А Ковригин направился в "Лягушки". Эсмеральдыч с козочкой Сонькой остался в зоне бдительности, Ковригин же заметил приставленный к стволу липы, в трёх метрах от поста сапожника, дворницкий лом, два наточенных топора для рубки ковров, что ли, не лишней была бы тут и мясницкая колода с базара, послужившая элементом декорации на авансцене действа с Мариной Мнишек. Конечно, Эсмеральдычу было не до Ковригина. Но его неприязненное отношение к нему Ковригина удивило.
И в "Лягушках" гарсон-консультант Дантон-Гарик встретил его непривычно холодно. Будто бы даже стыдясь знакомства с Ковригиным, словно бы Ковригин был безобразник, учинивший здесь несколько дней назад дебош с битьём посуды и зеркал, утопивший в фонтане невинную семиклассницу и триумфатором отъехавший на колеснице с золотой упряжью в городской вытрезвитель.
— Что-то и людей у вас сегодня мало, — сказал Ковригин.
— На банкете с пекинскими утками, — разъяснил гарсон. — Может быть, позже привезут сюда китайчонка Сяо, а может, и не привезут. Устроят ему отдельный водоём.
— У вас такое лицо, будто имеете распоряжение не допускать меня в ресторан и его отсеки, — сказал Ковригин.
— Нет, таких распоряжений я не получал. И препятствовать вашему приходу в "Лягушки" не могу. Но вряд ли вам предложат на закуску сосьвинскую селёдку. Она водится не для всех.
— И мсье Жакоба в ресторане нет? — спросил Ковригин.
— Мне не по рангу знать, где мсье Жакоб, — сообщил гарсон. — Но, скорее всего, он занят. Либо на китайском банкете. Либо на устройстве ужина глубокоуважаемого шейха Абдалла-Аладдина.
— Это всё достойные дела, — согласился Ковригин.
— Говорят, с вами вернулась в театр актриса Хмелёва? — осторожно спросил гарсон.
— Не со мной, а с Натальей Борисовной Свиридовой.
— Ну, слава Богу, слава Богу, — пробормотал гарсон и перекрестился.
В зал Тортиллы Ковригин вошёл в сомнениях и напряжении чувств. Вдруг и тут взглянут на него с неодобрением, подозревая в нём скотину-интригана. Но взмахи рук людей, сидевших за столиком возле фонтанов, Ковригина успокоили. Его приветствовали Мамин-Сибиряк, Николай Макарович Захаров и его окружение — барышни Долли и Вера Алексеевна Антонова. Приветствовали и приглашали за свой стол.

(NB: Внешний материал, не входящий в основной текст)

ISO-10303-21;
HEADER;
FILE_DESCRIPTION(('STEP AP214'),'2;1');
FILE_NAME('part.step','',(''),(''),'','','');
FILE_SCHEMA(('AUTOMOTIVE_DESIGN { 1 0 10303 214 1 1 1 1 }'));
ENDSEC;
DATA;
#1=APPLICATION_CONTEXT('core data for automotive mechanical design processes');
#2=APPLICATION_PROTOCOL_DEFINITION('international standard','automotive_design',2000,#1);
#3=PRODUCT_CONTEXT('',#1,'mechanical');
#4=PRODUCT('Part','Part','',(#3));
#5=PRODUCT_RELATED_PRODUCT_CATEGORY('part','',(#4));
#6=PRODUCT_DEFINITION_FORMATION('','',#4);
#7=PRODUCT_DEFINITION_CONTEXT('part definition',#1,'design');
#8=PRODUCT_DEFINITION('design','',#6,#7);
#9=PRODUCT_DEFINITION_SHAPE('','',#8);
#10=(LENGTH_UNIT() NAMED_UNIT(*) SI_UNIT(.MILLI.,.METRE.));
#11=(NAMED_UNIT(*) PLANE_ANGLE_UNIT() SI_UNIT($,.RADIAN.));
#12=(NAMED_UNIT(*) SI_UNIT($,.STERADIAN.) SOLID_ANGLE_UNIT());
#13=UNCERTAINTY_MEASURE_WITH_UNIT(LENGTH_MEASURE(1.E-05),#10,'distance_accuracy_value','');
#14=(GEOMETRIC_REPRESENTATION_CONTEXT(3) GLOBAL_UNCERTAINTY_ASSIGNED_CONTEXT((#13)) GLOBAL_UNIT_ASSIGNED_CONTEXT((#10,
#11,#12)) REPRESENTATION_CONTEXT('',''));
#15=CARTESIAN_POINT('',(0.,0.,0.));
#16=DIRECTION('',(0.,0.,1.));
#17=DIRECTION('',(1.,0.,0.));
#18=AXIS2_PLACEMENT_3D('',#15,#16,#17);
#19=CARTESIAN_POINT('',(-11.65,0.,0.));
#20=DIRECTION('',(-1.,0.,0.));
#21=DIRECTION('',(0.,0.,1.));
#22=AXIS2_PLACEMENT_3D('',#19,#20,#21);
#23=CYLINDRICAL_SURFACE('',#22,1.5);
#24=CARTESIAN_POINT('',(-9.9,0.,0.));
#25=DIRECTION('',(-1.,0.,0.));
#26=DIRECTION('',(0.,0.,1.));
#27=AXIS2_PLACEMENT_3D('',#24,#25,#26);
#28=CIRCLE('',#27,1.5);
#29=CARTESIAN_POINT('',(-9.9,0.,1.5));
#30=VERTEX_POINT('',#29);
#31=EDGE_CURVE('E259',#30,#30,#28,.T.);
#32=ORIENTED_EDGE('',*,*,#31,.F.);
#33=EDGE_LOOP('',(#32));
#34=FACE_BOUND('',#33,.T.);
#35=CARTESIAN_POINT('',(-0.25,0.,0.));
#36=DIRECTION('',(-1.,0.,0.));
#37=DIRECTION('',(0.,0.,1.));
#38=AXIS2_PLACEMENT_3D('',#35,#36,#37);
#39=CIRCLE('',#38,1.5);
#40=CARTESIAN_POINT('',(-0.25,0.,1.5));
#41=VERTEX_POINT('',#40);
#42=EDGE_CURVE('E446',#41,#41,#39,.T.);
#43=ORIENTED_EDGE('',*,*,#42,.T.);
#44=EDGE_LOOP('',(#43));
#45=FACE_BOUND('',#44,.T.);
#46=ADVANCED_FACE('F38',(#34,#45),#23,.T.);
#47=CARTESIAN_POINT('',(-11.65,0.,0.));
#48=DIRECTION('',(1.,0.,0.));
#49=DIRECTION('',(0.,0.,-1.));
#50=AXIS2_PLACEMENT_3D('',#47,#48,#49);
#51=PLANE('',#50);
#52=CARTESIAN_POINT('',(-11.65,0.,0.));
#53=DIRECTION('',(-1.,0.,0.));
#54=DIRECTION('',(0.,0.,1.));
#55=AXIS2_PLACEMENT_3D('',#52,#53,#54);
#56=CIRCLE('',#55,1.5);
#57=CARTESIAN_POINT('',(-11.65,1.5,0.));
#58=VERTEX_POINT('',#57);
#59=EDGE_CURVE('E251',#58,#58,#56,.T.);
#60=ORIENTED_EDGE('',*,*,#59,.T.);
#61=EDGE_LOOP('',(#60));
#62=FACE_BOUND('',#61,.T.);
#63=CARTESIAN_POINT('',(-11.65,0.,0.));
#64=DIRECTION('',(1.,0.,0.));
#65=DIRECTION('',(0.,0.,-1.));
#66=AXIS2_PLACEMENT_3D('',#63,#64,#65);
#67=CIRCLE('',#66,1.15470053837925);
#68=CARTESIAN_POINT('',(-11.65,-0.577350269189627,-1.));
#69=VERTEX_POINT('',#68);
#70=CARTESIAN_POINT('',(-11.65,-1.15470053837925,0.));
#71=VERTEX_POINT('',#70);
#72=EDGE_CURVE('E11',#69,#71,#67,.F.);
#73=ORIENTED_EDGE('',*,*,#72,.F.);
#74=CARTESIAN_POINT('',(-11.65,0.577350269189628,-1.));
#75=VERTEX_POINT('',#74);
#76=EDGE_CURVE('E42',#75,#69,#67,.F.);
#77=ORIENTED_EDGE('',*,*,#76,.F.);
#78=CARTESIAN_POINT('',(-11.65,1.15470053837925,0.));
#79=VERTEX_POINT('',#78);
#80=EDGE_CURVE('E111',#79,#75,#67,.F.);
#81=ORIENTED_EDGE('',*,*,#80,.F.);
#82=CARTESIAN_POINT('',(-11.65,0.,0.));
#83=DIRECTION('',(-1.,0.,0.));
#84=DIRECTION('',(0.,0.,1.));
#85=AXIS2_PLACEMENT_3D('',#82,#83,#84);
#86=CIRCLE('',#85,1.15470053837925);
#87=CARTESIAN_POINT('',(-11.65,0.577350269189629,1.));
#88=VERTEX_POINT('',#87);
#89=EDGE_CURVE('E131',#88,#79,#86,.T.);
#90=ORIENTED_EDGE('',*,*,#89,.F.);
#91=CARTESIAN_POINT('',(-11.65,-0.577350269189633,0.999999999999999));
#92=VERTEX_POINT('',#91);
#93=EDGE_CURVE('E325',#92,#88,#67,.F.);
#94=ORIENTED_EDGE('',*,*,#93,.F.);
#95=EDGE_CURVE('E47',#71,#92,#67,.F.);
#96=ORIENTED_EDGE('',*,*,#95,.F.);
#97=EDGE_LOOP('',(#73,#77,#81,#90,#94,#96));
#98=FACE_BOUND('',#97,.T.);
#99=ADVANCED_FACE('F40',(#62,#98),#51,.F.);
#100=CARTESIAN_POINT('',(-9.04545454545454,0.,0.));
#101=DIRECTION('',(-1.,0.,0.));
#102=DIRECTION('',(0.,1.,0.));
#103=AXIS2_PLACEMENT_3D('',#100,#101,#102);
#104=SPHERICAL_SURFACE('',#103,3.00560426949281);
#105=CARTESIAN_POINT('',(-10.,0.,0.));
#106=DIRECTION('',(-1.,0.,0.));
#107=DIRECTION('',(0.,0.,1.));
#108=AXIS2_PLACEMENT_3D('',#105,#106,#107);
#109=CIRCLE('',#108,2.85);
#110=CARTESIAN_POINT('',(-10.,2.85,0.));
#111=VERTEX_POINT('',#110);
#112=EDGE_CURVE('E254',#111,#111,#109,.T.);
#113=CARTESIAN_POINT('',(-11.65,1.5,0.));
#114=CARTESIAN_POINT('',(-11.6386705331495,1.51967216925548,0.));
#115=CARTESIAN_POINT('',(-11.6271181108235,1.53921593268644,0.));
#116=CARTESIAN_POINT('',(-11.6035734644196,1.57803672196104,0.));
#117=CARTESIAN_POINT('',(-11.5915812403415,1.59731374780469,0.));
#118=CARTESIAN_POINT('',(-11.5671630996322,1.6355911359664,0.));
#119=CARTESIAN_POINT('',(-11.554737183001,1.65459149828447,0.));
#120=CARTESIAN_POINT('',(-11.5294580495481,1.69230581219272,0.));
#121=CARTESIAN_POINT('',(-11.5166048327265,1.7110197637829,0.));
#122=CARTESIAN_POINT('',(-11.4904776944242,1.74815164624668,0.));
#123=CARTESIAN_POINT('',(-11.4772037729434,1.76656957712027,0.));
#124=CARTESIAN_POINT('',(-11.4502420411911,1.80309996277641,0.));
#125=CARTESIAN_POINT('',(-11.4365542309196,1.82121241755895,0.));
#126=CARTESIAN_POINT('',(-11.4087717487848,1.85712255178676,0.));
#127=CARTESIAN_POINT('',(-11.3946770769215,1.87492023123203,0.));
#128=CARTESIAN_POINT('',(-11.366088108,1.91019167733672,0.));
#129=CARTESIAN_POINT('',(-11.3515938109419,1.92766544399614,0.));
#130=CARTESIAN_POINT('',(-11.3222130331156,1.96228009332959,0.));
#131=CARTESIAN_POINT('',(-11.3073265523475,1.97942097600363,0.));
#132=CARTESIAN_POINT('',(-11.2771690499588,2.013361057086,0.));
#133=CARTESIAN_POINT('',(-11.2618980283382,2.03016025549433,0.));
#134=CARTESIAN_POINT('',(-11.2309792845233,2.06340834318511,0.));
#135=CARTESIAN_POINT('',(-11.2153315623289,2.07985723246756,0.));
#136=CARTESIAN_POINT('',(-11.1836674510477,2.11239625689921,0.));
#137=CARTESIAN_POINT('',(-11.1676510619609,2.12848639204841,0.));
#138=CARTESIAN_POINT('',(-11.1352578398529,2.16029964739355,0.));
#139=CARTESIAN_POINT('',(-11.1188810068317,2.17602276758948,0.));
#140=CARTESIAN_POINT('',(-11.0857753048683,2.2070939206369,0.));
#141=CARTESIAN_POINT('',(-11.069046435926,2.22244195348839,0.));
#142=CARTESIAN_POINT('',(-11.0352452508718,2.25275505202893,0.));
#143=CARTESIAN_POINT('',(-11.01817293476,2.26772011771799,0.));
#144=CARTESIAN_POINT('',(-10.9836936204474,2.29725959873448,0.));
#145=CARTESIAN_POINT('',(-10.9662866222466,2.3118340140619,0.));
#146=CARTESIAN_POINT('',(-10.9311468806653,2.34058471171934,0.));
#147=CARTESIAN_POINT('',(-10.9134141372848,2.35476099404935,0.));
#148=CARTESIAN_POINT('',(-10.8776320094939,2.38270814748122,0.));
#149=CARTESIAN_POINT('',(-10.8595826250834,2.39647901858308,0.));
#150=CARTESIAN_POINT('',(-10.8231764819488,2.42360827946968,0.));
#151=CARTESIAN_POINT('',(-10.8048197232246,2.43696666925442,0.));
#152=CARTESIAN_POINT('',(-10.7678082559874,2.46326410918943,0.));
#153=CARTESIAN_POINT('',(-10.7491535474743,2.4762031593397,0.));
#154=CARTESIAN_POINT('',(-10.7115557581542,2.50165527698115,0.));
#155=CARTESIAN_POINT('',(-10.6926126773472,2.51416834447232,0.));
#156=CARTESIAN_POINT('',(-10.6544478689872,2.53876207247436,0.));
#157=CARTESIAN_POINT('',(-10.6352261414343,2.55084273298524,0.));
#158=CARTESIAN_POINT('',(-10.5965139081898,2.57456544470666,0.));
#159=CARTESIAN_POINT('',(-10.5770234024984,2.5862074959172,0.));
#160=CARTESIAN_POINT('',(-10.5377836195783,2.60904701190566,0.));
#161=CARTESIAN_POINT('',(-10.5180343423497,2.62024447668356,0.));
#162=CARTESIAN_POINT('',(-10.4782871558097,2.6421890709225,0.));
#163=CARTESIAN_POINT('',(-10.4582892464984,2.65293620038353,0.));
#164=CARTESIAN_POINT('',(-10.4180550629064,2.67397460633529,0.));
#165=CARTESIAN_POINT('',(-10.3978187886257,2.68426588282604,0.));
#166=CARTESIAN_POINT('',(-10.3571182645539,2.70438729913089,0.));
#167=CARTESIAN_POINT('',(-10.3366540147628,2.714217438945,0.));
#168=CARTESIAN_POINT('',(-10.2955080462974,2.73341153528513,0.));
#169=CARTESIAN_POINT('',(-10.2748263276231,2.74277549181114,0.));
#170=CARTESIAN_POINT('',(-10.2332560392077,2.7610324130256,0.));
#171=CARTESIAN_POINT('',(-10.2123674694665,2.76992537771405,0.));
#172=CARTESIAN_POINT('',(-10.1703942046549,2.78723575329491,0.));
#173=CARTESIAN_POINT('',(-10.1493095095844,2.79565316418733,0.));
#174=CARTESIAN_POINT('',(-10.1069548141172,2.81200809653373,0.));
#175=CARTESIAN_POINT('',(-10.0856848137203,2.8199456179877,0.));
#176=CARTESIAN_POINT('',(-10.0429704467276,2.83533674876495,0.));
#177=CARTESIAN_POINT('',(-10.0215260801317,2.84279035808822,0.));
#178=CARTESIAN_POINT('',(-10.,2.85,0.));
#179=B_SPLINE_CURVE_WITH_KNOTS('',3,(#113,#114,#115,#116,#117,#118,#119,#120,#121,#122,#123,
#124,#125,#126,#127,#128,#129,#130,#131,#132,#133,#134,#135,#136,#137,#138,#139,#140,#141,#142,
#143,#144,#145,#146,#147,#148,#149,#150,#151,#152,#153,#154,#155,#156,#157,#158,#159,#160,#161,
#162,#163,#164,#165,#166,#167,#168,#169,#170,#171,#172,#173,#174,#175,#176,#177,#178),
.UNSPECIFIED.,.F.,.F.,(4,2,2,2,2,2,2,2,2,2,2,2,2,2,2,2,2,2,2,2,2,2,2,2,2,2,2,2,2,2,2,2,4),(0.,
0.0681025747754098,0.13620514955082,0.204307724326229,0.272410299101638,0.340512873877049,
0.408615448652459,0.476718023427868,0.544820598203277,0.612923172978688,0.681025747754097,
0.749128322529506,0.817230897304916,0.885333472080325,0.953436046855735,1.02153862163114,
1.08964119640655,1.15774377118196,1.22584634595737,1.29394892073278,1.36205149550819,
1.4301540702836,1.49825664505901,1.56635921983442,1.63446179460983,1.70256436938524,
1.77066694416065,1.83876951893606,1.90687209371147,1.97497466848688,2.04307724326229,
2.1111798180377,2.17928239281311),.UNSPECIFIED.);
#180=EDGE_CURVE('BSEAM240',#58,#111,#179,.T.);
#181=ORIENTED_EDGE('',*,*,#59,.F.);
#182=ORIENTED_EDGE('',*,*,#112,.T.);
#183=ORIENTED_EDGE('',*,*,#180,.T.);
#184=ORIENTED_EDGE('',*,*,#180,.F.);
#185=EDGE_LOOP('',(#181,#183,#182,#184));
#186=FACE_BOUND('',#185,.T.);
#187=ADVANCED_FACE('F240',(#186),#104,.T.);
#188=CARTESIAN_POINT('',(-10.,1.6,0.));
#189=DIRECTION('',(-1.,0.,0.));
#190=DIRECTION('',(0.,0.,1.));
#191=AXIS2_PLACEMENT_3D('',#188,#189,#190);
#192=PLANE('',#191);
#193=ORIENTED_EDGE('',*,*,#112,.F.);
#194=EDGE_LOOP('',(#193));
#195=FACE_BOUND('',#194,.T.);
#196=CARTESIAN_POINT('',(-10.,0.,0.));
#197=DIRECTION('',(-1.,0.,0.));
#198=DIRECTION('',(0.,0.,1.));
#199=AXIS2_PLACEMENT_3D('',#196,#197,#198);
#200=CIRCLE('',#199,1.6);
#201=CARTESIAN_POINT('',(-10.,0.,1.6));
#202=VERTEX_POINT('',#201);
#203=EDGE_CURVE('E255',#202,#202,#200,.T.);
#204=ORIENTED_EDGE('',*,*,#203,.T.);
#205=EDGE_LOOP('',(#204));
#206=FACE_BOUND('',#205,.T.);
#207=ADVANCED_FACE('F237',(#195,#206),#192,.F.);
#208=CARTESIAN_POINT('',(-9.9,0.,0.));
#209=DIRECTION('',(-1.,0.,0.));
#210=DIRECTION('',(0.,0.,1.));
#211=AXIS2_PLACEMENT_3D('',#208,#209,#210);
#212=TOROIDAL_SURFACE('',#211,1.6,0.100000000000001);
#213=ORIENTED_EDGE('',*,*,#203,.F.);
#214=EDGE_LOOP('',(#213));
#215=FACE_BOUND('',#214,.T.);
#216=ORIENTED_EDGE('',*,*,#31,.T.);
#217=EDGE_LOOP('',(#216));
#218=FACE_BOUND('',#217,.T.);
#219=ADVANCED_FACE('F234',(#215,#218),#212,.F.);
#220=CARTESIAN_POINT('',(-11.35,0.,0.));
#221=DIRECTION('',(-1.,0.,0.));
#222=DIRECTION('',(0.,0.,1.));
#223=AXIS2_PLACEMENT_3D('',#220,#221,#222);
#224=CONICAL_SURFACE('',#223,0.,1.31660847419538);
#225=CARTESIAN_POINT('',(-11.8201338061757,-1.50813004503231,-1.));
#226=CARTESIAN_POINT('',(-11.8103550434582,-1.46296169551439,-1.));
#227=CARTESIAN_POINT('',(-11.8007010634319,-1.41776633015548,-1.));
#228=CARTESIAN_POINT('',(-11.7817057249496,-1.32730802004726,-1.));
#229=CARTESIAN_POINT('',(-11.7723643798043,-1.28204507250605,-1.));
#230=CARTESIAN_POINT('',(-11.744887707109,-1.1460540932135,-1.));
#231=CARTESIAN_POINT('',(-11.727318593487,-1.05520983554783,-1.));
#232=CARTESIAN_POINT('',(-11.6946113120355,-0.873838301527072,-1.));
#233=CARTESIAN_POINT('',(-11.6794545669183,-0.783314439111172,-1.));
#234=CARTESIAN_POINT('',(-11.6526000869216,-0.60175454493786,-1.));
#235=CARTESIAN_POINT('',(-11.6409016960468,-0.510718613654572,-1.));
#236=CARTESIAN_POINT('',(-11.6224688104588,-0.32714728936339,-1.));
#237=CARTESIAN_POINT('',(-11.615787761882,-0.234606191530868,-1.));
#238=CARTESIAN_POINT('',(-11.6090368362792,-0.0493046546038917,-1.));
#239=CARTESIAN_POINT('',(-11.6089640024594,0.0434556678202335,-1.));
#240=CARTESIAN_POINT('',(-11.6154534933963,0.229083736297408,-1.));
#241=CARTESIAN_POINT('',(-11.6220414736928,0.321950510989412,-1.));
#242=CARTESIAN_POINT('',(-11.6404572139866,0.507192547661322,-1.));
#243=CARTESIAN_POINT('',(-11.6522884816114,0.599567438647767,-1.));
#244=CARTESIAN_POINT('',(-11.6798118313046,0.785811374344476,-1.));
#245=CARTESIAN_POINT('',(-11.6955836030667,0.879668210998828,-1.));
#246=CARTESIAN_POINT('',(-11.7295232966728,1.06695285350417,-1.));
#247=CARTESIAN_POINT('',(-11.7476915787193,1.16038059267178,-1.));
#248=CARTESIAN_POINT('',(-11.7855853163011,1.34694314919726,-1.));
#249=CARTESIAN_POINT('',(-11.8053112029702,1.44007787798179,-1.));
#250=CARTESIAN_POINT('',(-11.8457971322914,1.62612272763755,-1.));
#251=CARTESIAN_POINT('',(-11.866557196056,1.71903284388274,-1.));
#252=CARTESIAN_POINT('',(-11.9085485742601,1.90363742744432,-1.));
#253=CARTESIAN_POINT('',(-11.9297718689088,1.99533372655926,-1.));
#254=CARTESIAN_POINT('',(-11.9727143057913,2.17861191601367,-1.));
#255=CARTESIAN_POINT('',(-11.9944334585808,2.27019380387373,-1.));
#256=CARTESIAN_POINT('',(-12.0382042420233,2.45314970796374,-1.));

С Николаем Макаровичем Ковригин полуобнялся, барышням Долли и Вере гость Синежтура поцеловал руки. По необходимости гостеприимства Николай Макарович не допустил ковыряний Ковригина в меню, а заказал тому опробованные и любимые им (в "Лягушках") блюда и напитки. Ощутив расположение чувств Мамина-Сибиряка к Ковригину, потеплел и гарсон Дантон-Гарик. Одеты Антонова с компанией были празднично, или хотя бы согласно важному протоколу. Возможно, посещали церемонию побратимства.